Traveling back in time, the day Casey arrived in the State of Jefferson, boat tours were cancelled because of weather. The lake was full of thick fog and clouds, and wind was rocking the water. It was really beautiful and a raven spent the morning with us, perched on the ticket shack squawking for food. Garfield Peak was hidden. A group of us made a hooky-day trip to Medford and Ashland. Casey met us in Ashland that evening and we had been drinking slowly but steadily all day. Soon after, it was about time to go, so Casey, Stefanie, Tim and I went back to Medford. We left Rabbit and Stan at the Irish Pub in Ashland and they were to meet us at Tin Tin Buffet in Medford. We had a pleasant dinner in the shitty bland sprawl of Medford.
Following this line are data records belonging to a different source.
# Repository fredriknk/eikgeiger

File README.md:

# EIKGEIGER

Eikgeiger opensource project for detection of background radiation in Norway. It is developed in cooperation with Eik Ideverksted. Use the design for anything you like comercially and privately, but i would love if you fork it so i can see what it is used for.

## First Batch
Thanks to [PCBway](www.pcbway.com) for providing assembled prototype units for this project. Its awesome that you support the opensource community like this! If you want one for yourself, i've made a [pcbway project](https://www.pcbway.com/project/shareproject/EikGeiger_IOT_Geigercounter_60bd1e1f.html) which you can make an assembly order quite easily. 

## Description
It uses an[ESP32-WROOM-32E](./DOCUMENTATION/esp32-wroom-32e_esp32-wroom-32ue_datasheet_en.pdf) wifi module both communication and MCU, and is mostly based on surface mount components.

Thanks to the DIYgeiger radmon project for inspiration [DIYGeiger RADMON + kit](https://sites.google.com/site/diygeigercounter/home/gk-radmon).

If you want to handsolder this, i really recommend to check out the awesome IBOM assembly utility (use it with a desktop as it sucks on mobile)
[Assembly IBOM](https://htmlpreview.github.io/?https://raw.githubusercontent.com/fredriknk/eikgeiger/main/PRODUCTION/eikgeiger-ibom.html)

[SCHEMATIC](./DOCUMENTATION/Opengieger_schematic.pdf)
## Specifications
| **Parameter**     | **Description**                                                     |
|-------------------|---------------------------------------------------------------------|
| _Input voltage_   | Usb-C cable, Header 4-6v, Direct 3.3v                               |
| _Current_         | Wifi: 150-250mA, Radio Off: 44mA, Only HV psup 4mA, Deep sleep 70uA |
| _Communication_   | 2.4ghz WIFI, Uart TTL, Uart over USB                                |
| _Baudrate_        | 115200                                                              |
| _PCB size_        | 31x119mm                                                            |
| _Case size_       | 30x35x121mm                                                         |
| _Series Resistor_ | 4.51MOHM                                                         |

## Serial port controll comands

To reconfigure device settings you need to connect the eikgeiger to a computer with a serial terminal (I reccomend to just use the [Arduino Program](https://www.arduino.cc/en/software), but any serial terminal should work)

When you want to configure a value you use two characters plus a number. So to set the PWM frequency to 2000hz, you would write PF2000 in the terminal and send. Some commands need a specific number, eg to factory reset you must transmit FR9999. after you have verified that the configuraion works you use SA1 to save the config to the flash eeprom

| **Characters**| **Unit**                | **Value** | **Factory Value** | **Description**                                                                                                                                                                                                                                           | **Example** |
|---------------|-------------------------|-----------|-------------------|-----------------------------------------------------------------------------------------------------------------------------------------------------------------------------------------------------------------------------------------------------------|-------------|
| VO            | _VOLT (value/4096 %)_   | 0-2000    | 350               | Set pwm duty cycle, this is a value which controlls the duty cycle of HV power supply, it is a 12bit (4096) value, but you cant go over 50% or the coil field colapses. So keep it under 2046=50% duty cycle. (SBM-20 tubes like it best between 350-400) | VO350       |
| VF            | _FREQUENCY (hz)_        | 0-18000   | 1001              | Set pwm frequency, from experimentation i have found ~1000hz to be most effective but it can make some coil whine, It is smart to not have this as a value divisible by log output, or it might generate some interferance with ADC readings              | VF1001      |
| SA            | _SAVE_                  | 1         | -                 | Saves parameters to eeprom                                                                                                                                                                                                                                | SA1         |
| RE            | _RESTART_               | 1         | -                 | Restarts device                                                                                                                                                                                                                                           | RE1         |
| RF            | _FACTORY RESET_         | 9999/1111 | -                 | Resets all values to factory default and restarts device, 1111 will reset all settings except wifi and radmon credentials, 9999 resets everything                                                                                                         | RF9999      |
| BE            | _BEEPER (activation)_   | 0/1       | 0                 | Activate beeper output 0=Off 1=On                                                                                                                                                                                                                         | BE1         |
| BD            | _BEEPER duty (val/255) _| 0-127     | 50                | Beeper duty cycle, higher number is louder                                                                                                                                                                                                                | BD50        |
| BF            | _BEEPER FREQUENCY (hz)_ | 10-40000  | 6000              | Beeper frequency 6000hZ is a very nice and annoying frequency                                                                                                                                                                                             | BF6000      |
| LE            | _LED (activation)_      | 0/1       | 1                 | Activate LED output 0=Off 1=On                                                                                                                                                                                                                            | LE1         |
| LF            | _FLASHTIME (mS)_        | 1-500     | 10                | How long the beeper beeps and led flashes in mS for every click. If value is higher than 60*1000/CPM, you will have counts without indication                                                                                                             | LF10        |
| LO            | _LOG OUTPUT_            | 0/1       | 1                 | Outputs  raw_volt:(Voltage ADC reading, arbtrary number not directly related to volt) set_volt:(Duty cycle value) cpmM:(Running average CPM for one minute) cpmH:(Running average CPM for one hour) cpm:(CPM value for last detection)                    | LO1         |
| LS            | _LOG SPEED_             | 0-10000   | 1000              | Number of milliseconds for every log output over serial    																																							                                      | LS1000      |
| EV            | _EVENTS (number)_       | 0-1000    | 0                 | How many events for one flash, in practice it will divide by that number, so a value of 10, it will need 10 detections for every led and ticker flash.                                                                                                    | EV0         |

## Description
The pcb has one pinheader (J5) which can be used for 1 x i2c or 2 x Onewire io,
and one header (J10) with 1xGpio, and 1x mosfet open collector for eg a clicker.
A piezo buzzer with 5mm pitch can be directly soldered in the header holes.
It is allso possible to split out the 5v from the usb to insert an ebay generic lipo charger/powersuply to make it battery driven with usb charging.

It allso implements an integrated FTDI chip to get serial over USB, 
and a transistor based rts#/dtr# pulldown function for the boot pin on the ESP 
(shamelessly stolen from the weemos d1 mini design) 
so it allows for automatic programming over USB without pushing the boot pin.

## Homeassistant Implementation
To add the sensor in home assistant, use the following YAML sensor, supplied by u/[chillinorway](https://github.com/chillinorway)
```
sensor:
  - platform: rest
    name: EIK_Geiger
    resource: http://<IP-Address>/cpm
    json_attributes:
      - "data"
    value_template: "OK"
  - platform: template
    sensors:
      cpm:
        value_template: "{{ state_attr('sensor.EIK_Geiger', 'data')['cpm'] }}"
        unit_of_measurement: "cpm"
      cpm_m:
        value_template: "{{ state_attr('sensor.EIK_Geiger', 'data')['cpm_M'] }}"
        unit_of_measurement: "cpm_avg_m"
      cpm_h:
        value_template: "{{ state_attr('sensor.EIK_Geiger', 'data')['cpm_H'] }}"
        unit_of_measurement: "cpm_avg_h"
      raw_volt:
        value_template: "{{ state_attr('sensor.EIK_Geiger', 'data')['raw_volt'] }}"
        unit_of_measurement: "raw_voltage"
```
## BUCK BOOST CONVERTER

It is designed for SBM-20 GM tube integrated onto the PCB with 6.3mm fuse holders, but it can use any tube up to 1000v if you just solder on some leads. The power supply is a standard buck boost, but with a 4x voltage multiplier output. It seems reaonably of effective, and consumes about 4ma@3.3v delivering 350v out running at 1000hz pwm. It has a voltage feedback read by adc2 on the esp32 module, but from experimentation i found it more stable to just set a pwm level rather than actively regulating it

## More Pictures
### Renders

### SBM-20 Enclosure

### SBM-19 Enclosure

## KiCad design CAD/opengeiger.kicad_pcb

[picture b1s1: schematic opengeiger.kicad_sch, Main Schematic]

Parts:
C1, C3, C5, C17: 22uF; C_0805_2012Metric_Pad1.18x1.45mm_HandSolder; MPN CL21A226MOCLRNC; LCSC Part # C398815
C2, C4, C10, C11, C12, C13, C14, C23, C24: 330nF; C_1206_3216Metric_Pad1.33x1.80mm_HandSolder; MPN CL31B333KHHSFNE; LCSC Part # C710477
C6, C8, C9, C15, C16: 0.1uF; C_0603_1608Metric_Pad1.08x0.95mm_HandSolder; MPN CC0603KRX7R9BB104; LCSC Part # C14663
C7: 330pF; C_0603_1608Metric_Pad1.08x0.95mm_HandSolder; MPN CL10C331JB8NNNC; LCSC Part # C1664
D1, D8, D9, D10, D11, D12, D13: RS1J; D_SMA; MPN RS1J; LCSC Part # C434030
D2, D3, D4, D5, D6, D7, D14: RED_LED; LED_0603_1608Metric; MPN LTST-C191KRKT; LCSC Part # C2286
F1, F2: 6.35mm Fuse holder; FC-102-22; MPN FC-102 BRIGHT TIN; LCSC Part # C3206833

As you might guess, Stan and Rabbit never made it to Medford for dinner. Or the Trophy Room to meet Casey and I later. Or home that night. Casey and I went to bed, and Dru came knocking at our door at 3 am wondering what happened to everyone. She had a visit from Alan the security guard who reported that Stan was spending the night in the drunk tank in Medford. Rabbit's location (or 20 in nautical code) was unknown. I lent Dru the Honda to go pick him up and passed out.

The next morning, still no Stan and Rabbit. Casey and I went to meet up with the boat crew, exhausted, a little hungover and rattled. There were rumblings about ‘Stan,’ ‘missing,’ and ‘detox.’ Not good. I opened up the boat shack along with Tim's help. Roger, our second in command, was furious. Stan showed up not too late with the story:

From various accounts, what I have gathered is that the two of them got properly shitfaced in Ashland. They were getting ready to head out around 10 p.m. and Rabbit decided to park the car to either A) go to a bank or B) panhandle for gas money. It’s unclear. A sloppily parked car and Stan, inside asleep with his ratty long hair and beard, drew the cops, who interrogated him about whose car it was and what he was doing in Ashland. He was pretty drunk and eventually got into a civil rights showdown with the cops, at one point calling a black officer an Uncle Tom. Without charging him, they cuffed him, hauled him into the drunk tank in Medford and impounded Rabbit's car. Ashland cops, I’ve since discovered, are essentially there to clean up the streets of whatever they deem riff-raff, hustling off hippies and vagrants, backpackers and drunks, all to keep the clean face of Ashland’s tourism heaven free of unwanted detritus. "Stay out of Malibu, Lebowski!"

As all of this was happening to Stan, Rabbit, who may have panhandled some cash for gas, saw his vehicle and Stan swarmed by cops and EMTs. He understandably lost his mind and fled the scene to go spend his newfound cash at another bar. A wave of conscience or necessity came over him and he called the Ashland cops with a story about his car being stolen. They called his bluff pretty quickly. A squad car was soon out to Rabbit's 20, if you will, where he was picked up and delivered to a mission homeless shelter where he would stay until the impound lot opened.

During the night in detox Stan recited the constitution to his guard, blew several breath tests, and ultimately peed on the floor of his holding cell, under the door toward his captor. Rabbit, however, slept like a baby in the mission. He didn't want to get up and go when Dru and Stan showed up to grab him. He came out of the church bright-eyed and bushy tailed, ready to go. I’m trying to get the nickname, "Rabbit," to stick. His car cost $215 to free. No charges filed, they just weren’t welcome in Ashland that night.